Born in Brooklyn, New York, I learned about the variety of ethnic cuisine at an early age. Nothing like sharing a subway car with dozens of ethnic groups to make a little boy curious.
My folks helped, taking me to a wide range of restaurants in The City, expanding my palate (and palette) at an early age. The cry was always "Try it! You never know until you do!". I was usually game, and never suffered for it.
As a result, my adult cooking is always adventurous, seeking to blend all sorts of flavors that don't seem to make sense at first -- but if you've ever smelled your way through some of the ethnically mixed neighborhoods in NYC, you know of what I speak!
My favorite things to cook
Fish and seafood is soooo expensive these days, but it is my favorite! It is a challenge, to try to enhance it's flavor, without overpowering it's delicacy.

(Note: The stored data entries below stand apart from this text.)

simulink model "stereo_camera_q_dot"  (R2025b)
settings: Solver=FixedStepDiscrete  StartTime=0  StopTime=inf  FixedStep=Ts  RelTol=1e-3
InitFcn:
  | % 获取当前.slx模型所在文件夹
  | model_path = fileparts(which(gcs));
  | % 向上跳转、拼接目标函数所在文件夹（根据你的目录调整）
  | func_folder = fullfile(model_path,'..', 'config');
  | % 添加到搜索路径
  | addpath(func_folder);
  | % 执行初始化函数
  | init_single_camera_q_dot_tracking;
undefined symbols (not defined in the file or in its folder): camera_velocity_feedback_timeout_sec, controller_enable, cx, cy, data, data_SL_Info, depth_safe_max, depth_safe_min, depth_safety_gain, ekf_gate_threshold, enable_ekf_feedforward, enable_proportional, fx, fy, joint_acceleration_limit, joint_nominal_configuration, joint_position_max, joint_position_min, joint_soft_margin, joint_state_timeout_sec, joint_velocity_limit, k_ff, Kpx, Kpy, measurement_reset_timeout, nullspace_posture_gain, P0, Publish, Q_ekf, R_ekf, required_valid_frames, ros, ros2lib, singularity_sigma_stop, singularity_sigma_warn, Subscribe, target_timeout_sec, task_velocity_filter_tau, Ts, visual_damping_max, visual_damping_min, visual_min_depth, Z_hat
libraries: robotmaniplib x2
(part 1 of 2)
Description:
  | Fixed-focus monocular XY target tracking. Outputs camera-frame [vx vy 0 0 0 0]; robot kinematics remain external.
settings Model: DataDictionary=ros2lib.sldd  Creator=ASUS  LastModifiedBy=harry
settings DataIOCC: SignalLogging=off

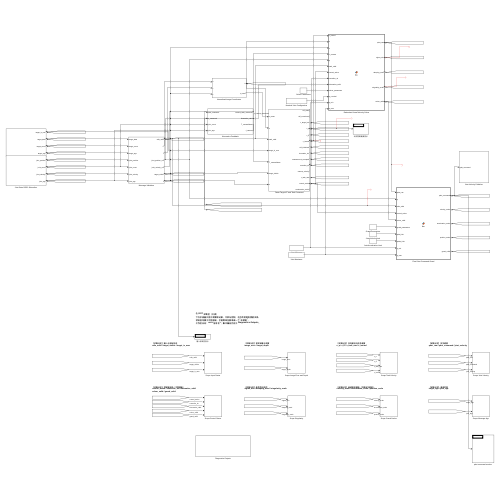
[thumbnail: Simulink's stored preview of the top-level diagram]
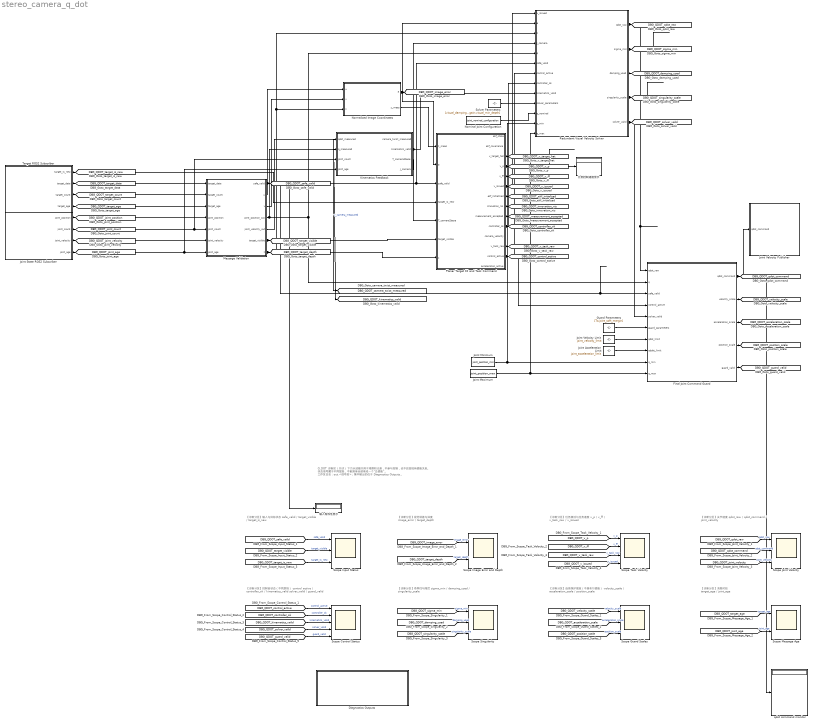
== system stereo_camera_q_dot ==
  note: Q_DOT 诊断区（只读）
      | 下方示波器只用于观察和记录，不参与控制，也不改变现有使能关系。
      | 状态信号属于不同层级，不能简单全部串成一个“总使能”。
      | 工作区日志：out.<信号名>；集中输出仍位于 Diagnostics Outputs。
  note: 【诊断分区】输入与目标状态
      | safe_valid / target_visible / target_is_new
  note: 【诊断分区】视觉误差与深度
      | image_error / target_depth
  note: 【诊断分区】任务激活与任务速度
      | v_p / v_ff / v_task_raw / v_issued
  note: 【诊断分区】关节速度
      | qdot_raw / qdot_command / joint_velocity
  note: 【诊断分区】控制链状态（不同层级）
      | control_active / controller_ok / kinematics_valid
      | solver_valid / guard_valid
  note: 【诊断分区】奇异性与阻尼
      | sigma_min / damping_used / singularity_scale
  note: 【诊断分区】连续保护缩放（不是布尔使能）
      | velocity_scale / acceleration_scale / position_scale
  note: 【诊断分区】消息时效
      | target_age / joint_age
  Diagnostics Outputs : Subsystem
  Final Joint Command Guard : MATLAB Function  TreatAsAtomicUnit=on
  Guard Parameters : Constant  Value=[Ts;joint_soft_margin]
  Joint Acceleration Limit : Constant  Value=joint_acceleration_limit
  Joint Maximum : Constant  Value=joint_position_max
  Joint Minimum : Constant  Value=joint_position_min
  Joint State ROS2 Subscriber : Subsystem
  Joint Velocity Limit : Constant  Value=joint_velocity_limit
  Joint Velocity Publisher : Subsystem
  Kinematics Feedback : Subsystem
  Message Validation : Subsystem
  Nominal Joint Configuration : Constant  Value=joint_nominal_configuration
  Normalized Image Coordinates : Subsystem
  Planar Target KF and Task Command : Subsystem
  Redundant Visual Velocity Solver : MATLAB Function  TreatAsAtomicUnit=on
  Scope Control Status : Scope  NumInputPorts=5
      settings: TimeSpan=10  ActiveDisplayString=5  Title=guard_valid  ActiveDisplayYMinimum=-0.037001953201183713  ActiveDisplayYMaximum=0.0101088347899616  DataLoggingVariableName=ScopeData4
  Scope Guard Scales : Scope  NumInputPorts=3
      settings: TimeSpan=10  ActiveDisplayString=3  Title=position_scale  ActiveDisplayYMinimum=-12.068513318672558  ActiveDisplayYMaximum=6.6876450330275015  DataLoggingVariableName=ScopeData6
  Scope Image Error and Depth : Scope  NumInputPorts=2
      settings: TimeSpan=10  Title=target_depth  ActiveDisplayYMinimum=-1  ActiveDisplayYMaximum=1
  Scope Input Status : Scope  NumInputPorts=3
      settings: TimeSpan=10  ActiveDisplayString=3  Title=target_is_new  ActiveDisplayYMinimum=-1.6084422447956979  ActiveDisplayYMaximum=1.406793571934575  DataLoggingVariableName=ScopeData7
  Scope Joint Velocity : Scope  NumInputPorts=3
      settings: TimeSpan=10  ActiveDisplayString=3  Title=joint_velocity  ActiveDisplayYMinimum=-1.0517167509781138  ActiveDisplayYMaximum=1.0307773782957734  DataLoggingVariableName=ScopeData2
  Scope Message Age : Scope  NumInputPorts=2
      settings: TimeSpan=10  Title=joint_age  ActiveDisplayYMinimum=-1  ActiveDisplayYMaximum=1
  Scope Singularity : Scope  NumInputPorts=3
      settings: TimeSpan=10  ActiveDisplayString=3  Title=singularity_scale  ActiveDisplayYMinimum=-3.3735923675324466  ActiveDisplayYMaximum=2.902388236211491  DataLoggingVariableName=ScopeData5
  Scope Task Velocity : Scope  NumInputPorts=4
      settings: TimeSpan=10  ActiveDisplayString=4  Title=v_issued  ActiveDisplayYMinimum=-1  ActiveDisplayYMaximum=1  DataLoggingVariableName=ScopeData3
  Solver Parameters : Constant  Value=[visual_damping_min;visual_damping_max;singularity_sigma_stop;singularity_sigma_warn;nullspace_posture_gain;depth_safe_min;depth_safe_max;depth_safety_gain;visual_min_depth]
  Target ROS2 Subscriber : Subsystem
  qdot command monitor : Display
  比例控制速度显示 : Display
  输入有效性显示 : Display
  tag scope: DBG_QDOT_acceleration_scale=global, DBG_QDOT_camera_twist_measured=global, DBG_QDOT_control_active=global, DBG_QDOT_controller_ok=global, DBG_QDOT_damping_used=global, DBG_QDOT_ekf_initialized=global, DBG_QDOT_guard_valid=global, DBG_QDOT_image_error=global, DBG_QDOT_innovation_nis=global, DBG_QDOT_joint_age=global, DBG_QDOT_joint_count=global, DBG_QDOT_joint_position=global, DBG_QDOT_joint_velocity=global, DBG_QDOT_kinematics_valid=global, DBG_QDOT_measurement_accepted=global, DBG_QDOT_position_scale=global, DBG_QDOT_qdot_command=global, DBG_QDOT_qdot_raw=global, DBG_QDOT_safe_valid=global, DBG_QDOT_sigma_min=global, DBG_QDOT_singularity_scale=global, DBG_QDOT_solver_valid=global, DBG_QDOT_target_age=global, DBG_QDOT_target_count=global, DBG_QDOT_target_data=global, DBG_QDOT_target_depth=global, DBG_QDOT_target_is_new=global, DBG_QDOT_target_visible=global, DBG_QDOT_v_ff=global, DBG_QDOT_v_issued=global, DBG_QDOT_v_p=global, DBG_QDOT_v_target_hat=global, DBG_QDOT_v_task_raw=global, DBG_QDOT_velocity_scale=global
  wires:
  Final Joint Command Guard/1(qdot_command) -> Joint Velocity Publisher/1(qdot_command), qdot command monitor/1, [DBG_QDOT_qdot_command]
  Message Validation/4(joint_position_out) -> Final Joint Command Guard/2(q), Redundant Visual Velocity Solver/5(q), Kinematics Feedback/2(q_measured)
  Kinematics Feedback/2(kinematics_valid) -> Redundant Visual Velocity Solver/9(kinematics_valid), [DBG_QDOT_kinematics_valid]
  Joint Velocity Limit/1 -> Final Joint Command Guard/7(qdot_limit)
  Message Validation/2(u) -> Normalized Image Coordinates/1(u)
  Target ROS2 Subscriber/3(target_count) -> Message Validation/2(target_count), [DBG_QDOT_target_count]
  Redundant Visual Velocity Solver/5(solver_valid) -> Final Joint Command Guard/5(solver_valid), [DBG_QDOT_solver_valid]
  Target ROS2 Subscriber/1(target_is_new) -> Planar Target KF and Task Command/4(target_is_new), [DBG_QDOT_target_is_new]
  Planar Target KF and Task Command/10(controller_ok) -> Redundant Visual Velocity Solver/8(controller_ok), [DBG_QDOT_controller_ok]
  Message Validation/5(joint_velocity_out) -> Kinematics Feedback/1(qdot_measured)
  Message Validation/7(z) -> Redundant Visual Velocity Solver/3(z), Normalized Image Coordinates/3(z), Planar Target KF and Task Command/7(z), [DBG_QDOT_target_depth]
  Joint Acceleration Limit/1 -> Final Joint Command Guard/8(qddot_limit)
  Joint State ROS2 Subscriber/4(joint_age) -> Kinematics Feedback/4(joint_age), Message Validation/7(joint_age), [DBG_QDOT_joint_age]
  Joint State ROS2 Subscriber/3(joint_velocity) -> Message Validation/6(joint_velocity), [DBG_QDOT_joint_velocity]
  Message Validation/6(target_visible) -> Planar Target KF and Task Command/6(target_visible), [DBG_QDOT_target_visible]
  Kinematics Feedback/4(J_camera) -> Redundant Visual Velocity Solver/4(J_camera)
  Redundant Visual Velocity Solver/1(qdot_raw) -> [DBG_QDOT_qdot_raw], Final Joint Command Guard/1(qdot_raw)
  Message Validation/1(safe_valid) -> Final Joint Command Guard/3(safe_valid), Redundant Visual Velocity Solver/6(safe_valid), Planar Target KF and Task Command/3(safe_valid), 输入有效性显示/1, [DBG_QDOT_safe_valid]
  Message Validation/3(v) -> Normalized Image Coordinates/2(v)
  Planar Target KF and Task Command/13(control_active) -> Redundant Visual Velocity Solver/7(control_active), Final Joint Command Guard/4(control_active), [DBG_QDOT_control_active]
  Joint State ROS2 Subscriber/1(joint_position) -> Message Validation/4(joint_position), [DBG_QDOT_joint_position]
  Guard Parameters/1 -> Final Joint Command Guard/6(guard_parameters)
  Joint State ROS2 Subscriber/2(joint_count) -> Kinematics Feedback/3(joint_count), Message Validation/5(joint_count), [DBG_QDOT_joint_count]
  Normalized Image Coordinates/1(e) -> Planar Target KF and Task Command/2(e), Redundant Visual Velocity Solver/2(e), [DBG_QDOT_image_error]
  Target ROS2 Subscriber/2(target_data) -> Message Validation/1(target_data), [DBG_QDOT_target_data]
  Normalized Image Coordinates/2(z_meas) -> Planar Target KF and Task Command/1(z_meas)
  Kinematics Feedback/3(T_camera2base) -> Planar Target KF and Task Command/5(T_camera2base)
  Solver Parameters/1 -> Redundant Visual Velocity Solver/10(solver_parameters)
  Nominal Joint Configuration/1 -> Redundant Visual Velocity Solver/11(q_nominal)
  Joint Minimum/1 -> Redundant Visual Velocity Solver/12(q_min), Final Joint Command Guard/9(q_min)
  Joint Maximum/1 -> Final Joint Command Guard/10(q_max), Redundant Visual Velocity Solver/13(q_max)
  Target ROS2 Subscriber/4(target_age) -> Message Validation/3(target_age), [DBG_QDOT_target_age]
  Planar Target KF and Task Command/4(v_p) -> 比例控制速度显示/1, [DBG_QDOT_v_p]
  Planar Target KF and Task Command/6(v_issued) -> Redundant Visual Velocity Solver/1(v_issued), [DBG_QDOT_v_issued]
  Redundant Visual Velocity Solver/2(sigma_min) -> [DBG_QDOT_sigma_min]
  Redundant Visual Velocity Solver/4(singularity_scale) -> [DBG_QDOT_singularity_scale]
  Kinematics Feedback/1(camera_twist_measured) -> [DBG_QDOT_camera_twist_measured]  "v_camera_measured"
  Planar Target KF and Task Command/3(v_target_hat) -> [DBG_QDOT_v_target_hat]
  Planar Target KF and Task Command/5(v_ff) -> [DBG_QDOT_v_ff]
  Planar Target KF and Task Command/7(ekf_initialized) -> [DBG_QDOT_ekf_initialized]
  Planar Target KF and Task Command/8(innovation_nis) -> [DBG_QDOT_innovation_nis]
  Planar Target KF and Task Command/9(measurement_accepted) -> [DBG_QDOT_measurement_accepted]
  Planar Target KF and Task Command/12(v_task_raw) -> [DBG_QDOT_v_task_raw]
  Redundant Visual Velocity Solver/3(damping_used) -> [DBG_QDOT_damping_used]
  Final Joint Command Guard/2(velocity_scale) -> [DBG_QDOT_velocity_scale]
  Final Joint Command Guard/3(acceleration_scale) -> [DBG_QDOT_acceleration_scale]
  Final Joint Command Guard/4(position_scale) -> [DBG_QDOT_position_scale]
  Final Joint Command Guard/5(guard_valid) -> [DBG_QDOT_guard_valid]
  [DBG_QDOT_safe_valid] -> Scope Input Status/1  "safe_valid"
  [DBG_QDOT_target_visible] -> Scope Input Status/2  "target_visible"
  [DBG_QDOT_target_is_new] -> Scope Input Status/3  "target_is_new"
  [DBG_QDOT_image_error] -> Scope Image Error and Depth/1  "image_error"
  [DBG_QDOT_target_depth] -> Scope Image Error and Depth/2  "target_depth"
  [DBG_QDOT_v_p] -> Scope Task Velocity/1  "v_p"
  [DBG_QDOT_v_ff] -> Scope Task Velocity/2  "v_ff"
  [DBG_QDOT_v_task_raw] -> Scope Task Velocity/3  "v_task_raw"
  [DBG_QDOT_v_issued] -> Scope Task Velocity/4  "v_issued"
  [DBG_QDOT_qdot_raw] -> Scope Joint Velocity/1  "qdot_raw"
  [DBG_QDOT_qdot_command] -> Scope Joint Velocity/2  "qdot_command"
  [DBG_QDOT_joint_velocity] -> Scope Joint Velocity/3  "joint_velocity"
  [DBG_QDOT_control_active] -> Scope Control Status/1  "control_active"
  [DBG_QDOT_controller_ok] -> Scope Control Status/2  "controller_ok"
  [DBG_QDOT_kinematics_valid] -> Scope Control Status/3  "kinematics_valid"
  [DBG_QDOT_solver_valid] -> Scope Control Status/4  "solver_valid"
  [DBG_QDOT_guard_valid] -> Scope Control Status/5  "guard_valid"
  [DBG_QDOT_sigma_min] -> Scope Singularity/1  "sigma_min"
  [DBG_QDOT_damping_used] -> Scope Singularity/2  "damping_used"
  [DBG_QDOT_singularity_scale] -> Scope Singularity/3  "singularity_scale"
  [DBG_QDOT_velocity_scale] -> Scope Guard Scales/1  "velocity_scale"
  [DBG_QDOT_acceleration_scale] -> Scope Guard Scales/2  "acceleration_scale"
  [DBG_QDOT_position_scale] -> Scope Guard Scales/3  "position_scale"
  [DBG_QDOT_target_age] -> Scope Message Age/1  "target_age"
  [DBG_QDOT_joint_age] -> Scope Message Age/2  "joint_age"

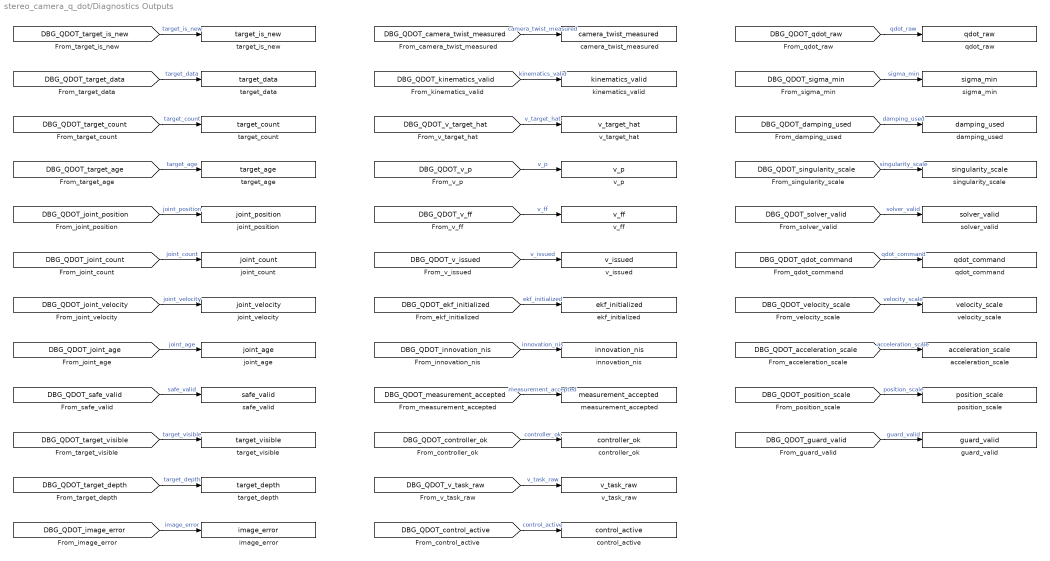
== system stereo_camera_q_dot/Diagnostics Outputs ==
  acceleration_scale : ToWorkspace  VariableName=acceleration_scale  SaveFormat=Timeseries  SampleTime=-1
  camera_twist_measured : ToWorkspace  VariableName=camera_twist_measured  SaveFormat=Timeseries  SampleTime=-1
  control_active : ToWorkspace  VariableName=control_active  SaveFormat=Timeseries  SampleTime=-1
  controller_ok : ToWorkspace  VariableName=controller_ok  SaveFormat=Timeseries  SampleTime=-1
  damping_used : ToWorkspace  VariableName=damping_used  SaveFormat=Timeseries  SampleTime=-1
  ekf_initialized : ToWorkspace  VariableName=ekf_initialized  SaveFormat=Timeseries  SampleTime=-1
  guard_valid : ToWorkspace  VariableName=guard_valid  SaveFormat=Timeseries  SampleTime=-1
  image_error : ToWorkspace  VariableName=image_error  SaveFormat=Timeseries  SampleTime=-1
  innovation_nis : ToWorkspace  VariableName=innovation_nis  SaveFormat=Timeseries  SampleTime=-1
  joint_age : ToWorkspace  VariableName=joint_age  SaveFormat=Timeseries  SampleTime=-1
  joint_count : ToWorkspace  VariableName=joint_count  SaveFormat=Timeseries  SampleTime=-1
  joint_position : ToWorkspace  VariableName=joint_position  SaveFormat=Timeseries  SampleTime=-1
  joint_velocity : ToWorkspace  VariableName=joint_velocity  SaveFormat=Timeseries  SampleTime=-1
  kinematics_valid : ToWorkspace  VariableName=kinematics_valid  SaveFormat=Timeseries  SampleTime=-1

My favorite family cooking traditions
My grandmother was an immigrant from eastern Europe, and cooked the most amazing traditional Jewish stuff -- Challah bread, mushroom barley soup, potato kugle. My mom never caught the cooking bug, so most of the recipes are lost. Very sad, grandma died before I was mature enough to preserve my heritage; but I feel like she looks over my shoulder when I cook, "Kibitzing". Her kibitzing I would listen to closely!
My cooking triumphs
Four course meal for my wife and her two friends. While it came nearly complete (dessert was an original -- one attendant was diabetic) from a recipe book, it was a complex assembly, and I pulled it off flawlessly!
My cooking tragedies
Oh, goodness! There are so many!
Cooking is all about experimentation. Not everything is a masterpiece. The key to my enjoyment is to analyze the cause of the "failures", whether taste, execution, or some other intangible, and build on it for next time.
Cooking is about building your sensibility and awareness; learning new techniques and flavors; about refining your taste and subtlety.